### Exercise instructions:
Every line from the start of the entries up to and including the one bearing "battery : Subsystem" must be printed verbatim, without the pictures.

##### Data extracts #####

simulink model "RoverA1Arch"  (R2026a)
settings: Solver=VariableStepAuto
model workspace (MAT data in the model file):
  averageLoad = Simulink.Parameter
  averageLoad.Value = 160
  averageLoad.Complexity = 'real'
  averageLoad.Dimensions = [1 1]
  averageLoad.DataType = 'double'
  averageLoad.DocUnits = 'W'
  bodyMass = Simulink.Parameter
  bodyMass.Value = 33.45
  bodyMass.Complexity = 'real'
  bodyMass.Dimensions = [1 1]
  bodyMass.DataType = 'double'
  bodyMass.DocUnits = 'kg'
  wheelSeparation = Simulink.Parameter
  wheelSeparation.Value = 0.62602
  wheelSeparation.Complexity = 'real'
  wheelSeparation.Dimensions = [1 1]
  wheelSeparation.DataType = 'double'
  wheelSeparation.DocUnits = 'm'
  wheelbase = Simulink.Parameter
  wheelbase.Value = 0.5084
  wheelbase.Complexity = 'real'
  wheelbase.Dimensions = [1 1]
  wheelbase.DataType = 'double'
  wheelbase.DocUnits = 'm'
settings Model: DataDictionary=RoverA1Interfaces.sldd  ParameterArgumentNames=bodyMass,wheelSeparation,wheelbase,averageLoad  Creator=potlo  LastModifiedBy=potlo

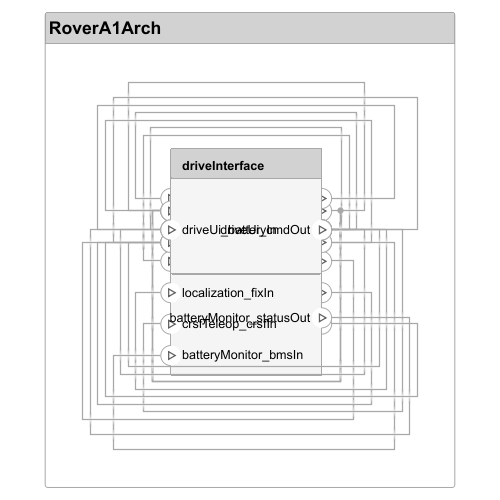
[thumbnail: Simulink's stored preview of the top-level diagram]
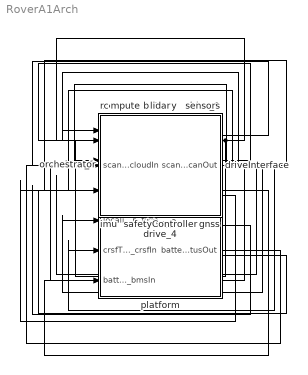
== system RoverA1Arch ==
  battery : Subsystem  mask{capacity=40, nominalVoltage=24}
      settings: PortSchema="{\"entries\":[{\"content\":{\"headerSize\":26,\"margin\":15,\"minimumSpacing\":25,\"sides\":[{\"content\":{},\"type\":\"ConnectorPlacement.EquallySpacedRectSide\",\"uuid\":\"200c6e72-70f4-4dab-9973-1633f40310af\"},{\"content\":{\"connectorIds\":[\"Out1\",\"Out2\"],\"side\":\"RIGHT\"},\"type\":\"ConnectorPlacement.EquallySpacedRectSide\",\"uuid\":\"bbe755dc-37e6-4ccf-babc-f69c624e3127\"},{\"content\":{\"side\":\"TOP\"},\"type\":\"ConnectorPlacement.EquallySpacedRectSide\",\"uuid\":\"af29013d-bc34-4ea7-a3b1-8488eaa61b9f\"}]},\"type\":\"ConnectorPlacement.EquallySpacedConnector\",\"uuid\":\"0c1b5d18-eb5c-4f03-ad77-d46c7555bc12\"}],\"packageUris\":[\"http://schema.mathworks.com/mf0/Connector/R2020b\"],\"version\":\"1.0\"}"
  compute : Subsystem
      settings: PortSchema="{\"entries\":[{\"content\":{\"headerSize\":26,\"margin\":15,\"minimumSpacing\":25,\"sides\":[{\"content\":{},\"type\":\"ConnectorPlacement.EquallySpacedRectSide\",\"uuid\":\"200c6e72-70f4-4dab-9973-1633f40310af\"},{\"content\":{\"connectorIds\":[\"Out1\",\"Out2\",\"Out3\",\"Out4\",\"Out5\"],\"side\":\"RIGHT\"},\"type\":\"ConnectorPlacement.EquallySpacedRectSide\",\"uuid\":\"bbe755dc-37e6-4ccf-babc-f69c624e3127\"},{\"content\":{\"side\":\"TOP\"},\"type\":\"ConnectorPlacement.EquallySpacedRectSide\",\"uuid\":\"af29013d-bc34-4ea7-a3b1-8488eaa61b9f\"}]},\"type\":\"ConnectorPlacement.EquallySpacedConnector\",\"uuid\":\"0c1b5d18-eb5c-4f03-ad77-d46c7555bc12\"}],\"packageUris\":[\"http://schema.mathworks.com/mf0/Connector/R2020b\"],\"version\":\"1.0\"}"
  driveInterface : Subsystem
      settings: PortSchema="{\"entries\":[{\"content\":{\"headerSize\":26,\"margin\":15,\"minimumSpacing\":25,\"sides\":[{\"content\":{\"connectorIds\":[\"In1\"]},\"type\":\"ConnectorPlacement.EquallySpacedRectSide\",\"uuid\":\"200c6e72-70f4-4dab-9973-1633f40310af\"},{\"content\":{\"connectorIds\":[\"Out1\"],\"side\":\"RIGHT\"},\"type\":\"ConnectorPlacement.EquallySpacedRectSide\",\"uuid\":\"bbe755dc-37e6-4ccf-babc-f69c624e3127\"},{\"content\":{\"side\":\"TOP\"},\"type\":\"ConnectorPlacement.EquallySpacedRectSide\",\"uuid\":\"af29013d-bc34-4ea7-a3b1-8488eaa61b9f\"}]},\"type\":\"ConnectorPlacement.EquallySpacedConnector\",\"uuid\":\"0c1b5d18-eb5c-4f03-ad77-d46c7555bc12\"}],\"packageUris\":[\"http://schema.mathworks.com/mf0/Connector/R2020b\"],\"version\":\"1.0\"}"
  drive_1 : Subsystem
      settings: PortSchema="{\"entries\":[{\"content\":{\"headerSize\":26,\"margin\":15,\"minimumSpacing\":25,\"sides\":[{\"content\":{\"connectorIds\":[\"In1\",\"In2\"]},\"type\":\"ConnectorPlacement.EquallySpacedRectSide\",\"uuid\":\"200c6e72-70f4-4dab-9973-1633f40310af\"},{\"content\":{\"side\":\"RIGHT\"},\"type\":\"ConnectorPlacement.EquallySpacedRectSide\",\"uuid\":\"bbe755dc-37e6-4ccf-babc-f69c624e3127\"},{\"content\":{\"side\":\"TOP\"},\"type\":\"ConnectorPlacement.EquallySpacedRectSide\",\"uuid\":\"af29013d-bc34-4ea7-a3b1-8488eaa61b9f\"}]},\"type\":\"ConnectorPlacement.EquallySpacedConnector\",\"uuid\":\"0c1b5d18-eb5c-4f03-ad77-d46c7555bc12\"}],\"packageUris\":[\"http://schema.mathworks.com/mf0/Connector/R2020b\"],\"version\":\"1.0\"}"
  drive_2 : Subsystem
      settings: PortSchema="{\"entries\":[{\"content\":{\"headerSize\":26,\"margin\":15,\"minimumSpacing\":25,\"sides\":[{\"content\":{\"connectorIds\":[\"In1\",\"In2\"]},\"type\":\"ConnectorPlacement.EquallySpacedRectSide\",\"uuid\":\"200c6e72-70f4-4dab-9973-1633f40310af\"},{\"content\":{\"side\":\"RIGHT\"},\"type\":\"ConnectorPlacement.EquallySpacedRectSide\",\"uuid\":\"bbe755dc-37e6-4ccf-babc-f69c624e3127\"},{\"content\":{\"side\":\"TOP\"},\"type\":\"ConnectorPlacement.EquallySpacedRectSide\",\"uuid\":\"af29013d-bc34-4ea7-a3b1-8488eaa61b9f\"}]},\"type\":\"ConnectorPlacement.EquallySpacedConnector\",\"uuid\":\"0c1b5d18-eb5c-4f03-ad77-d46c7555bc12\"}],\"packageUris\":[\"http://schema.mathworks.com/mf0/Connector/R2020b\"],\"version\":\"1.0\"}"
  drive_3 : Subsystem
      settings: PortSchema="{\"entries\":[{\"content\":{\"headerSize\":26,\"margin\":15,\"minimumSpacing\":25,\"sides\":[{\"content\":{\"connectorIds\":[\"In1\",\"In2\"]},\"type\":\"ConnectorPlacement.EquallySpacedRectSide\",\"uuid\":\"200c6e72-70f4-4dab-9973-1633f40310af\"},{\"content\":{\"side\":\"RIGHT\"},\"type\":\"ConnectorPlacement.EquallySpacedRectSide\",\"uuid\":\"bbe755dc-37e6-4ccf-babc-f69c624e3127\"},{\"content\":{\"side\":\"TOP\"},\"type\":\"ConnectorPlacement.EquallySpacedRectSide\",\"uuid\":\"af29013d-bc34-4ea7-a3b1-8488eaa61b9f\"}]},\"type\":\"ConnectorPlacement.EquallySpacedConnector\",\"uuid\":\"0c1b5d18-eb5c-4f03-ad77-d46c7555bc12\"}],\"packageUris\":[\"http://schema.mathworks.com/mf0/Connector/R2020b\"],\"version\":\"1.0\"}"
  drive_4 : Subsystem
      settings: PortSchema="{\"entries\":[{\"content\":{\"headerSize\":26,\"margin\":15,\"minimumSpacing\":25,\"sides\":[{\"content\":{\"connectorIds\":[\"In1\",\"In2\"]},\"type\":\"ConnectorPlacement.EquallySpacedRectSide\",\"uuid\":\"200c6e72-70f4-4dab-9973-1633f40310af\"},{\"content\":{\"side\":\"RIGHT\"},\"type\":\"ConnectorPlacement.EquallySpacedRectSide\",\"uuid\":\"bbe755dc-37e6-4ccf-babc-f69c624e3127\"},{\"content\":{\"side\":\"TOP\"},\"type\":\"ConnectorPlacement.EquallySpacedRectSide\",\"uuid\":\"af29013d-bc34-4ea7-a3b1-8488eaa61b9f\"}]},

#####

### Output of the exercise:
simulink model "RoverA1Arch"  (R2026a)
settings: Solver=VariableStepAuto
model workspace (MAT data in the model file):
  averageLoad = Simulink.Parameter
  averageLoad.Value = 160
  averageLoad.Complexity = 'real'
  averageLoad.Dimensions = [1 1]
  averageLoad.DataType = 'double'
  averageLoad.DocUnits = 'W'
  bodyMass = Simulink.Parameter
  bodyMass.Value = 33.45
  bodyMass.Complexity = 'real'
  bodyMass.Dimensions = [1 1]
  bodyMass.DataType = 'double'
  bodyMass.DocUnits = 'kg'
  wheelSeparation = Simulink.Parameter
  wheelSeparation.Value = 0.62602
  wheelSeparation.Complexity = 'real'
  wheelSeparation.Dimensions = [1 1]
  wheelSeparation.DataType = 'double'
  wheelSeparation.DocUnits = 'm'
  wheelbase = Simulink.Parameter
  wheelbase.Value = 0.5084
  wheelbase.Complexity = 'real'
  wheelbase.Dimensions = [1 1]
  wheelbase.DataType = 'double'
  wheelbase.DocUnits = 'm'
settings Model: DataDictionary=RoverA1Interfaces.sldd  ParameterArgumentNames=bodyMass,wheelSeparation,wheelbase,averageLoad  Creator=potlo  LastModifiedBy=potlo

[thumbnail: Simulink's stored preview of the top-level diagram]
== system RoverA1Arch ==
  battery : Subsystem  mask{capacity=40, nominalVoltage=24}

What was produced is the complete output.